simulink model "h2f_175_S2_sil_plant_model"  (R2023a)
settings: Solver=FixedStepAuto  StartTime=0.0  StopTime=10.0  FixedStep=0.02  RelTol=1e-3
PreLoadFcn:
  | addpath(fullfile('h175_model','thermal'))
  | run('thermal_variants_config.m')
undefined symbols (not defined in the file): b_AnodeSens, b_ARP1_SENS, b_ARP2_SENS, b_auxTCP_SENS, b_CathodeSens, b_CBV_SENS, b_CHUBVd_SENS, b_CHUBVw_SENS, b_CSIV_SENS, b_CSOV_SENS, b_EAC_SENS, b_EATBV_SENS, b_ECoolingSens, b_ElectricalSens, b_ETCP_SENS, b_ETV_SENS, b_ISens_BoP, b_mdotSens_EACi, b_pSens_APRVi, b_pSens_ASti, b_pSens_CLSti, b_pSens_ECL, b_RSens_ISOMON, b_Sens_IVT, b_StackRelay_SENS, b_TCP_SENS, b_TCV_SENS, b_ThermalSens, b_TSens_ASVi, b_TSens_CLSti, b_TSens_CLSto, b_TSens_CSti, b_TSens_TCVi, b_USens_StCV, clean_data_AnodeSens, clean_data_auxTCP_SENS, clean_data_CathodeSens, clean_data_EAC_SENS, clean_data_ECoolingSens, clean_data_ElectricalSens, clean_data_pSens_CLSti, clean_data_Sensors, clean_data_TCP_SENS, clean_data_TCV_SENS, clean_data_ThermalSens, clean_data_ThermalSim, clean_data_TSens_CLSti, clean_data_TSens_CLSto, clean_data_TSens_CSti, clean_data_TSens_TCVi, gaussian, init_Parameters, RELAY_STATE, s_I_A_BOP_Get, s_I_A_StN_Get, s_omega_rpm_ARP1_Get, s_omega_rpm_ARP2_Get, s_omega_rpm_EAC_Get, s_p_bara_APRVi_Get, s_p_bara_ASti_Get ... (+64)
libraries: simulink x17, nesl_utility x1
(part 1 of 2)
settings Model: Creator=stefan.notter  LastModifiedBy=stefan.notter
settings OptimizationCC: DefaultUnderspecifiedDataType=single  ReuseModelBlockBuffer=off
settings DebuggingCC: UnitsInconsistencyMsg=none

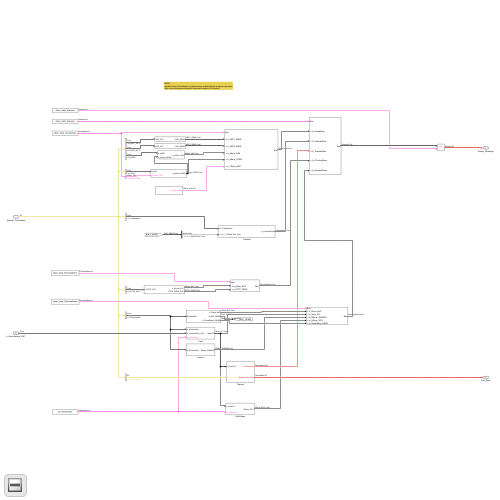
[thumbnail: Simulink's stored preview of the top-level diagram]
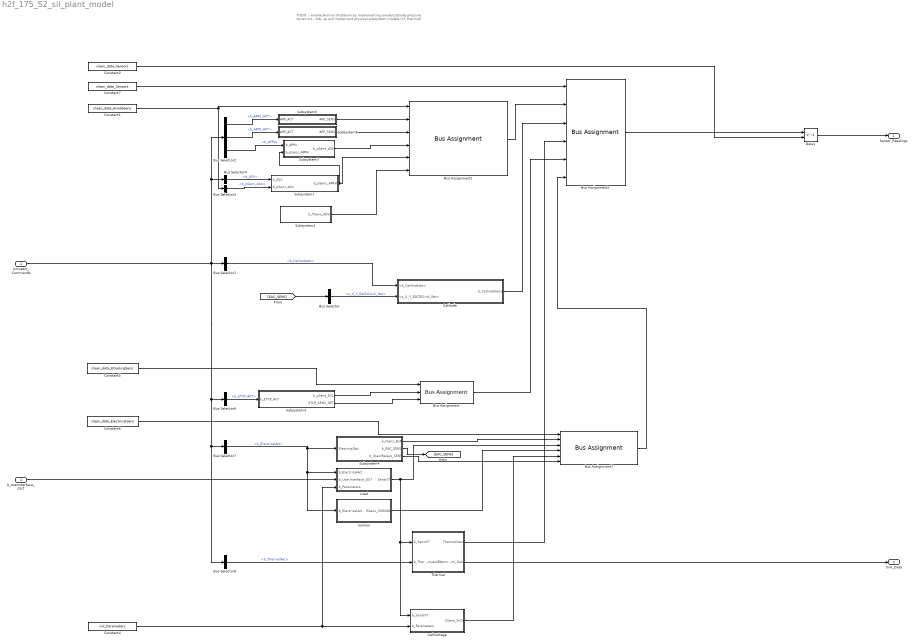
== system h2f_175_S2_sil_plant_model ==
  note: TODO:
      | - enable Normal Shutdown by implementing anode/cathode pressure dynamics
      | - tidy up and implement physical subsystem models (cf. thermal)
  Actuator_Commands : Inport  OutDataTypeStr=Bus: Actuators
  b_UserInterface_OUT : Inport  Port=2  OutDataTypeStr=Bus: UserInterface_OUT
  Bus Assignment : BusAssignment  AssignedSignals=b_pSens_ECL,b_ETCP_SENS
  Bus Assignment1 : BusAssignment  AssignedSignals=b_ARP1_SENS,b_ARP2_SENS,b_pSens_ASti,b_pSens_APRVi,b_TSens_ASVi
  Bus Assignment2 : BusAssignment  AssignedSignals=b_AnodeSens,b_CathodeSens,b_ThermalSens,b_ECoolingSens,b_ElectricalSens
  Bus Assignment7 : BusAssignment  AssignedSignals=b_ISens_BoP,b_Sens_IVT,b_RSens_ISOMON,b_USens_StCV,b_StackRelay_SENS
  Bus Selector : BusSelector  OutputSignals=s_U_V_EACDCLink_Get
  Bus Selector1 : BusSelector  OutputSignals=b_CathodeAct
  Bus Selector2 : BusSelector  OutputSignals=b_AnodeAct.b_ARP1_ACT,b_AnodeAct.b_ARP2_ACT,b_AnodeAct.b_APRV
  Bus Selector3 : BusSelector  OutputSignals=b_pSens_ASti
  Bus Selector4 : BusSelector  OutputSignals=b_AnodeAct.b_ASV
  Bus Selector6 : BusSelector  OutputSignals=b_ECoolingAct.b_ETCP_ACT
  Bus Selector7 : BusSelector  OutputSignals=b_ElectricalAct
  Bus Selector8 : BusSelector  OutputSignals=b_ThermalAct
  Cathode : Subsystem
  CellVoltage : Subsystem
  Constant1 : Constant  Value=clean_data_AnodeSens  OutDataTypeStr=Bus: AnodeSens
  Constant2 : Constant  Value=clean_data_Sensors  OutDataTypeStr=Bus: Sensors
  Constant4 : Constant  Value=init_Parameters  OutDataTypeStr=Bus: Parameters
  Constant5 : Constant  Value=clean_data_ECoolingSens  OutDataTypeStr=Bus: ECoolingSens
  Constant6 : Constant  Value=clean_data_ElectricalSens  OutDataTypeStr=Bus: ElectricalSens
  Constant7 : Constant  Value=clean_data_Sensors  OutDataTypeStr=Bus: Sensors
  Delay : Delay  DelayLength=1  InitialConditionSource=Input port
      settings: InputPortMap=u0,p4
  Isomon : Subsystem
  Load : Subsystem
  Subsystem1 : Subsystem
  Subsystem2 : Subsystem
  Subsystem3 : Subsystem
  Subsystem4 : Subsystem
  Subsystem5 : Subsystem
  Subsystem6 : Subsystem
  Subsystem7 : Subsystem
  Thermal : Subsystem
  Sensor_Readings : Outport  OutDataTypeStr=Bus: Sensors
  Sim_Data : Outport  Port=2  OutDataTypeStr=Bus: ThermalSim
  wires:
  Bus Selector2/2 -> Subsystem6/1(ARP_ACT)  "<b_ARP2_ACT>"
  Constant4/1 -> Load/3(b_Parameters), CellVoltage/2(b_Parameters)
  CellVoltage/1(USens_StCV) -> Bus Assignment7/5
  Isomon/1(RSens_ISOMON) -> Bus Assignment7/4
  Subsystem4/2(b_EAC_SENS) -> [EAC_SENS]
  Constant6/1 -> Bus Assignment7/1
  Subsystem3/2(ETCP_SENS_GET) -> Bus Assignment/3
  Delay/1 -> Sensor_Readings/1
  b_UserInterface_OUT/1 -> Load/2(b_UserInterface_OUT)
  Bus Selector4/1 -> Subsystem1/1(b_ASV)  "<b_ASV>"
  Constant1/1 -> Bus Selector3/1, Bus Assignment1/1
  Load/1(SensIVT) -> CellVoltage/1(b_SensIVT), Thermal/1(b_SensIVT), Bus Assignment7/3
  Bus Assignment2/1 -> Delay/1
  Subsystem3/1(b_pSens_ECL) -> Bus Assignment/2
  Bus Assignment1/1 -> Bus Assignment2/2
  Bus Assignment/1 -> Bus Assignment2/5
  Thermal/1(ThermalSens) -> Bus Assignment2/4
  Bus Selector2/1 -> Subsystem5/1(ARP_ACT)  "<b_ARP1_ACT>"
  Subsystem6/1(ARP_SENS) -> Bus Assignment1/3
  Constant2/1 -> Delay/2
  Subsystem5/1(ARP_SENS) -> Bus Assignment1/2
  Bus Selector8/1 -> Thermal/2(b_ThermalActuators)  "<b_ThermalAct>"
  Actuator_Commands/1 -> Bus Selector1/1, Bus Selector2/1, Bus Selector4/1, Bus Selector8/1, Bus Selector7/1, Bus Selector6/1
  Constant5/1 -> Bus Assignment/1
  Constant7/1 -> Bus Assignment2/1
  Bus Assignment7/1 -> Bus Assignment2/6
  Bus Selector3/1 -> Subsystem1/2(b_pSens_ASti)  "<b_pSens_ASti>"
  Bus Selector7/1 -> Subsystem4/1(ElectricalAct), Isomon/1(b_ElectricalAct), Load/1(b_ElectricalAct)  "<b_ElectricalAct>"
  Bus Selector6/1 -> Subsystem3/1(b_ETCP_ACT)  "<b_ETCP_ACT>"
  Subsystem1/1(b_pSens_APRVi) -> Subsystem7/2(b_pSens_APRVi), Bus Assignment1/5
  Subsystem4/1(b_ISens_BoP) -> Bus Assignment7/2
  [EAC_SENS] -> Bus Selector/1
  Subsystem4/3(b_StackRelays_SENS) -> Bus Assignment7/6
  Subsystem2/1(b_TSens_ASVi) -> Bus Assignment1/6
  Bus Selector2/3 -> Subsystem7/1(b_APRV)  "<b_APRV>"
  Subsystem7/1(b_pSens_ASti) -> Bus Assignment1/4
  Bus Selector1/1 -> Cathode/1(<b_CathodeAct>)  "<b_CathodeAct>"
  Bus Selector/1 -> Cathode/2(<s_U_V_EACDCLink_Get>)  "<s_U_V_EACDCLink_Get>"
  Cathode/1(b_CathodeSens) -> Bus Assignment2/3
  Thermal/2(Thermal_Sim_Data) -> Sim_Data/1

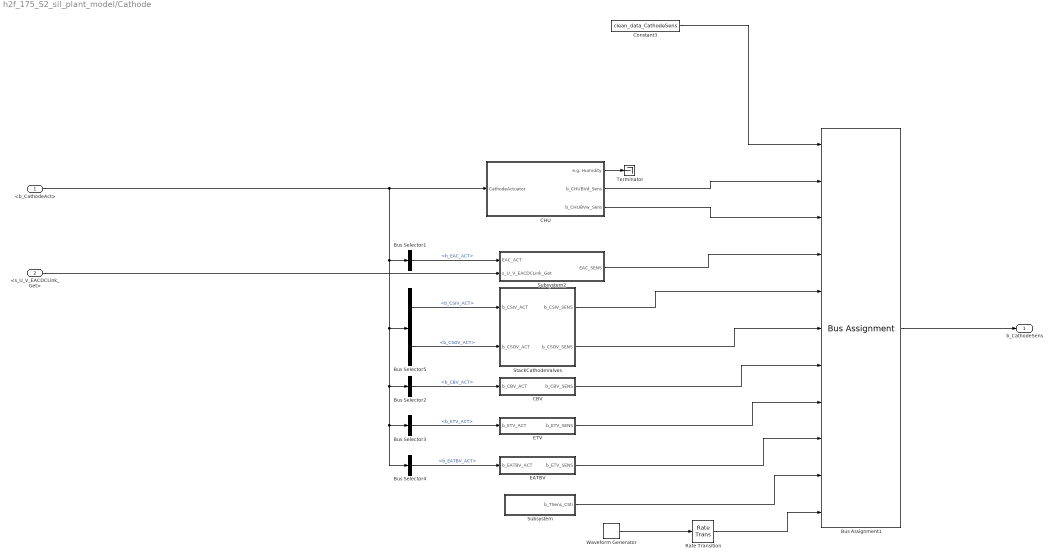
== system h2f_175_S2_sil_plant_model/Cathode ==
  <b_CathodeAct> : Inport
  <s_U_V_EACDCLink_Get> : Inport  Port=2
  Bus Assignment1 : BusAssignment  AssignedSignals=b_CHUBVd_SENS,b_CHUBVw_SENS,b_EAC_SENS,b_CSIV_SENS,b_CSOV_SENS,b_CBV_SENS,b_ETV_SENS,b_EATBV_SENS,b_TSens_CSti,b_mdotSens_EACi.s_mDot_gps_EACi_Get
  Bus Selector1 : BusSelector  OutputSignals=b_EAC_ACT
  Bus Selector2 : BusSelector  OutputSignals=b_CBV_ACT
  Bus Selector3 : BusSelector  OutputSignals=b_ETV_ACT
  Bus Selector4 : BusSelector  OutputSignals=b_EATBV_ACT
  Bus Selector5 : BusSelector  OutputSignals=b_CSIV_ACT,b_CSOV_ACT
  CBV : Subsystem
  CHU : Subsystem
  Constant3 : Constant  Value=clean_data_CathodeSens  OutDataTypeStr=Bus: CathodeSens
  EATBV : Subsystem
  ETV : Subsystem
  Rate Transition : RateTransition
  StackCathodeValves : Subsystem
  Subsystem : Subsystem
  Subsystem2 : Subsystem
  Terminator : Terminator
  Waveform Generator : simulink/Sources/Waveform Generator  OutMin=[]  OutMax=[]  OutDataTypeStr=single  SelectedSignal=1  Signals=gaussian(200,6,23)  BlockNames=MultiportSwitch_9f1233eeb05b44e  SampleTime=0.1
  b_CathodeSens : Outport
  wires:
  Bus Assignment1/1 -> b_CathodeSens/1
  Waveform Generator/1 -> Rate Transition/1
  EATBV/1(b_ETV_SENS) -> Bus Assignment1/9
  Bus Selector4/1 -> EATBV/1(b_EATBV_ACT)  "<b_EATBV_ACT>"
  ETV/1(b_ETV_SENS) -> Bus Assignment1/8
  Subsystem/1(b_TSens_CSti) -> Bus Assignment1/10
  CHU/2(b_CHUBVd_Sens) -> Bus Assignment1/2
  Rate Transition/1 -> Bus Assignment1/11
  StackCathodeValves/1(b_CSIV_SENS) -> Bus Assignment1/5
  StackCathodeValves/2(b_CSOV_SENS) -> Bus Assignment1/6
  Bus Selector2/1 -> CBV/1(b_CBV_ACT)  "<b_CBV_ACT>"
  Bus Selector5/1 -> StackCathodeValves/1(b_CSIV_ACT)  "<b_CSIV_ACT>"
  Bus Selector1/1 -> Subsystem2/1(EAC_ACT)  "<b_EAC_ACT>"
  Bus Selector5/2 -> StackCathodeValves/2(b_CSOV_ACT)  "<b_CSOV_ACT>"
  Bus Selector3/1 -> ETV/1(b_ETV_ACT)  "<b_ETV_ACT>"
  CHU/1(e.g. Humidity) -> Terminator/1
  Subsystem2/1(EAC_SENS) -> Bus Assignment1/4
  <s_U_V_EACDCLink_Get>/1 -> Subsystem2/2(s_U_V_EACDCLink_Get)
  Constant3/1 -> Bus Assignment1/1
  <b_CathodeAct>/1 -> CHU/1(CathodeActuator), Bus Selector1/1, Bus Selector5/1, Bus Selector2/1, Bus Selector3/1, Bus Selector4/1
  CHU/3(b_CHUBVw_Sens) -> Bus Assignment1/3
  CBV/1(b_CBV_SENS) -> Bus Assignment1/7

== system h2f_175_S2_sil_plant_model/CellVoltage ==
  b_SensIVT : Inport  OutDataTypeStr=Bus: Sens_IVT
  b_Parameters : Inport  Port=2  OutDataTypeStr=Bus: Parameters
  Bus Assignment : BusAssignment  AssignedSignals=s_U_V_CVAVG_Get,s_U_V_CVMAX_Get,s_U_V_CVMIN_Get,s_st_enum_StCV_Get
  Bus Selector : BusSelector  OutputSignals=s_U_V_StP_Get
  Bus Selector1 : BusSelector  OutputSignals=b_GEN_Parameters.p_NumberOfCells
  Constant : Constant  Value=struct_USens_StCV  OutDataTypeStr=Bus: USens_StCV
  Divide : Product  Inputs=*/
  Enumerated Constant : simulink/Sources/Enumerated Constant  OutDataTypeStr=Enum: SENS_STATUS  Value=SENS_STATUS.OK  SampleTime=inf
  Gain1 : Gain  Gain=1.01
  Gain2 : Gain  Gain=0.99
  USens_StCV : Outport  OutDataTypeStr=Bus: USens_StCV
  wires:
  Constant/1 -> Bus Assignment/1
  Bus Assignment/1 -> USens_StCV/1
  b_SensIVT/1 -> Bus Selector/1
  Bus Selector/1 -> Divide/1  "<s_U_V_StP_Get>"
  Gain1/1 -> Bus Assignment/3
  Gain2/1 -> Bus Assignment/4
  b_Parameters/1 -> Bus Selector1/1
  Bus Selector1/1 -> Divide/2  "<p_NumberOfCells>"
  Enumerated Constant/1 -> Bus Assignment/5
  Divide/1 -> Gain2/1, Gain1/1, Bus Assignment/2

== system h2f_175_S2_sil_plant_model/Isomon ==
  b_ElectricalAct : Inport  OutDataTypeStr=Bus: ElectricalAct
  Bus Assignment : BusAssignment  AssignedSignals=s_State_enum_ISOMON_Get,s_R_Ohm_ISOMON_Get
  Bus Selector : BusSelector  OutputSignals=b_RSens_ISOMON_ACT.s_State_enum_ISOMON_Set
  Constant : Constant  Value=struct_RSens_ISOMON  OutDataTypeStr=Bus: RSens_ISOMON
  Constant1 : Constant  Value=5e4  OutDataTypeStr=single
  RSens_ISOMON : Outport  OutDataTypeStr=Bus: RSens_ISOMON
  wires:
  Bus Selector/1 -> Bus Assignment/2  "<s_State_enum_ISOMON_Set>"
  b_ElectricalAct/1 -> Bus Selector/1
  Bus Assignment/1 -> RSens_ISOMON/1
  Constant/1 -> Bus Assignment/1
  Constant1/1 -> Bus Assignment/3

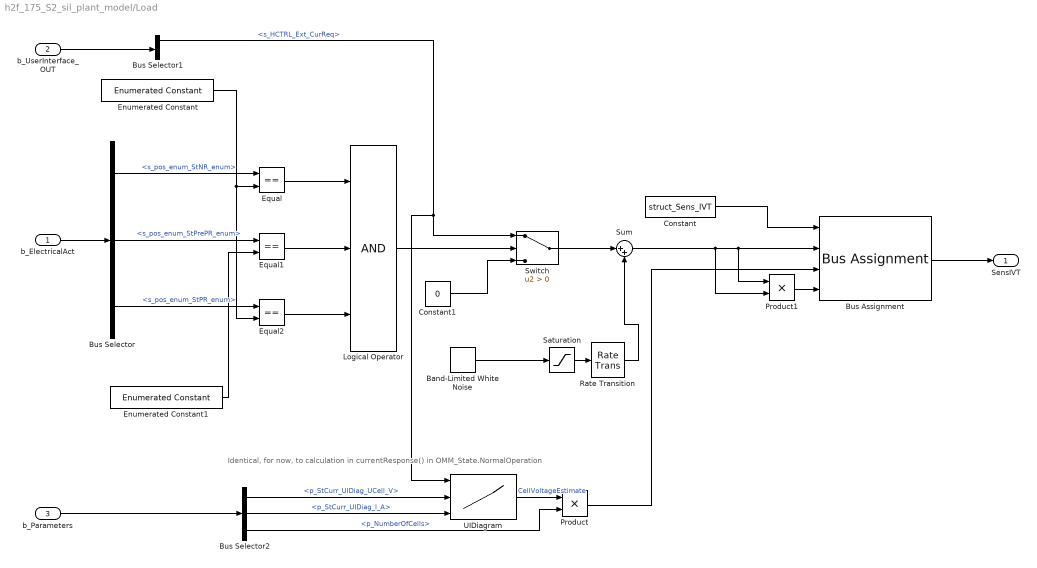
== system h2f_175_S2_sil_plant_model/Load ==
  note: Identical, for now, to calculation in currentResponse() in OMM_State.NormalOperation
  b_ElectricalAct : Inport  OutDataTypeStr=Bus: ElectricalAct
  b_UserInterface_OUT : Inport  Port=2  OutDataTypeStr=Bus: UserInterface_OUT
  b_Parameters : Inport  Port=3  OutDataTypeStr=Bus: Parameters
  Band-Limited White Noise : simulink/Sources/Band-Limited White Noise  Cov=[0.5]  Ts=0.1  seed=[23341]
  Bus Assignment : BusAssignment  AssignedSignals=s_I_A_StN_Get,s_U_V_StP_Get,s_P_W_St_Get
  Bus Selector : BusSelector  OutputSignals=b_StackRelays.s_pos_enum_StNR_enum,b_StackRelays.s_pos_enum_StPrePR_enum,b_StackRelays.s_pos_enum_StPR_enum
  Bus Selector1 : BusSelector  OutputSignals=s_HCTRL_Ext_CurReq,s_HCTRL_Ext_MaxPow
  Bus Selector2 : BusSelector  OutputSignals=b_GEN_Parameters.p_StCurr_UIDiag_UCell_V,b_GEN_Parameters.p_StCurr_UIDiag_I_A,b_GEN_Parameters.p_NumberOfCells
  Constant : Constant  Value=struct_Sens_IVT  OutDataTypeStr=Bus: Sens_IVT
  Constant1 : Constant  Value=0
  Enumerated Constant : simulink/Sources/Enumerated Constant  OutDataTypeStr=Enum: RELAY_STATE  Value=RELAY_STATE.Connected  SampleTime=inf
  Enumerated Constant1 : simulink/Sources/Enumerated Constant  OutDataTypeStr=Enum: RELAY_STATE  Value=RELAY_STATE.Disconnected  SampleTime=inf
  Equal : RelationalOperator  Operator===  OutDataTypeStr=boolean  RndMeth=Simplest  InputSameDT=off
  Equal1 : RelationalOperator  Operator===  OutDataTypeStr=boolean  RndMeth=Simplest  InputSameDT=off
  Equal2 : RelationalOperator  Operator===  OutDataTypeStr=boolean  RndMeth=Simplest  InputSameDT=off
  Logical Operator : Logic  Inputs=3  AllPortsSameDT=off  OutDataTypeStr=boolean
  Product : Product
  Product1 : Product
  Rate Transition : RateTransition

═══

#### [Brief]
Which lines run from the first of the listing to the line containing "settings DebuggingCC: UnitsInconsistencyMsg=none"? Reproduce those exactly, both ends included.

#### [Finished task]
simulink model "h2f_175_S2_sil_plant_model"  (R2023a)
settings: Solver=FixedStepAuto  StartTime=0.0  StopTime=10.0  FixedStep=0.02  RelTol=1e-3
PreLoadFcn:
  | addpath(fullfile('h175_model','thermal'))
  | run('thermal_variants_config.m')
undefined symbols (not defined in the file): b_AnodeSens, b_ARP1_SENS, b_ARP2_SENS, b_auxTCP_SENS, b_CathodeSens, b_CBV_SENS, b_CHUBVd_SENS, b_CHUBVw_SENS, b_CSIV_SENS, b_CSOV_SENS, b_EAC_SENS, b_EATBV_SENS, b_ECoolingSens, b_ElectricalSens, b_ETCP_SENS, b_ETV_SENS, b_ISens_BoP, b_mdotSens_EACi, b_pSens_APRVi, b_pSens_ASti, b_pSens_CLSti, b_pSens_ECL, b_RSens_ISOMON, b_Sens_IVT, b_StackRelay_SENS, b_TCP_SENS, b_TCV_SENS, b_ThermalSens, b_TSens_ASVi, b_TSens_CLSti, b_TSens_CLSto, b_TSens_CSti, b_TSens_TCVi, b_USens_StCV, clean_data_AnodeSens, clean_data_auxTCP_SENS, clean_data_CathodeSens, clean_data_EAC_SENS, clean_data_ECoolingSens, clean_data_ElectricalSens, clean_data_pSens_CLSti, clean_data_Sensors, clean_data_TCP_SENS, clean_data_TCV_SENS, clean_data_ThermalSens, clean_data_ThermalSim, clean_data_TSens_CLSti, clean_data_TSens_CLSto, clean_data_TSens_CSti, clean_data_TSens_TCVi, gaussian, init_Parameters, RELAY_STATE, s_I_A_BOP_Get, s_I_A_StN_Get, s_omega_rpm_ARP1_Get, s_omega_rpm_ARP2_Get, s_omega_rpm_EAC_Get, s_p_bara_APRVi_Get, s_p_bara_ASti_Get ... (+64)
libraries: simulink x17, nesl_utility x1
(part 1 of 2)
settings Model: Creator=stefan.notter  LastModifiedBy=stefan.notter
settings OptimizationCC: DefaultUnderspecifiedDataType=single  ReuseModelBlockBuffer=off
settings DebuggingCC: UnitsInconsistencyMsg=none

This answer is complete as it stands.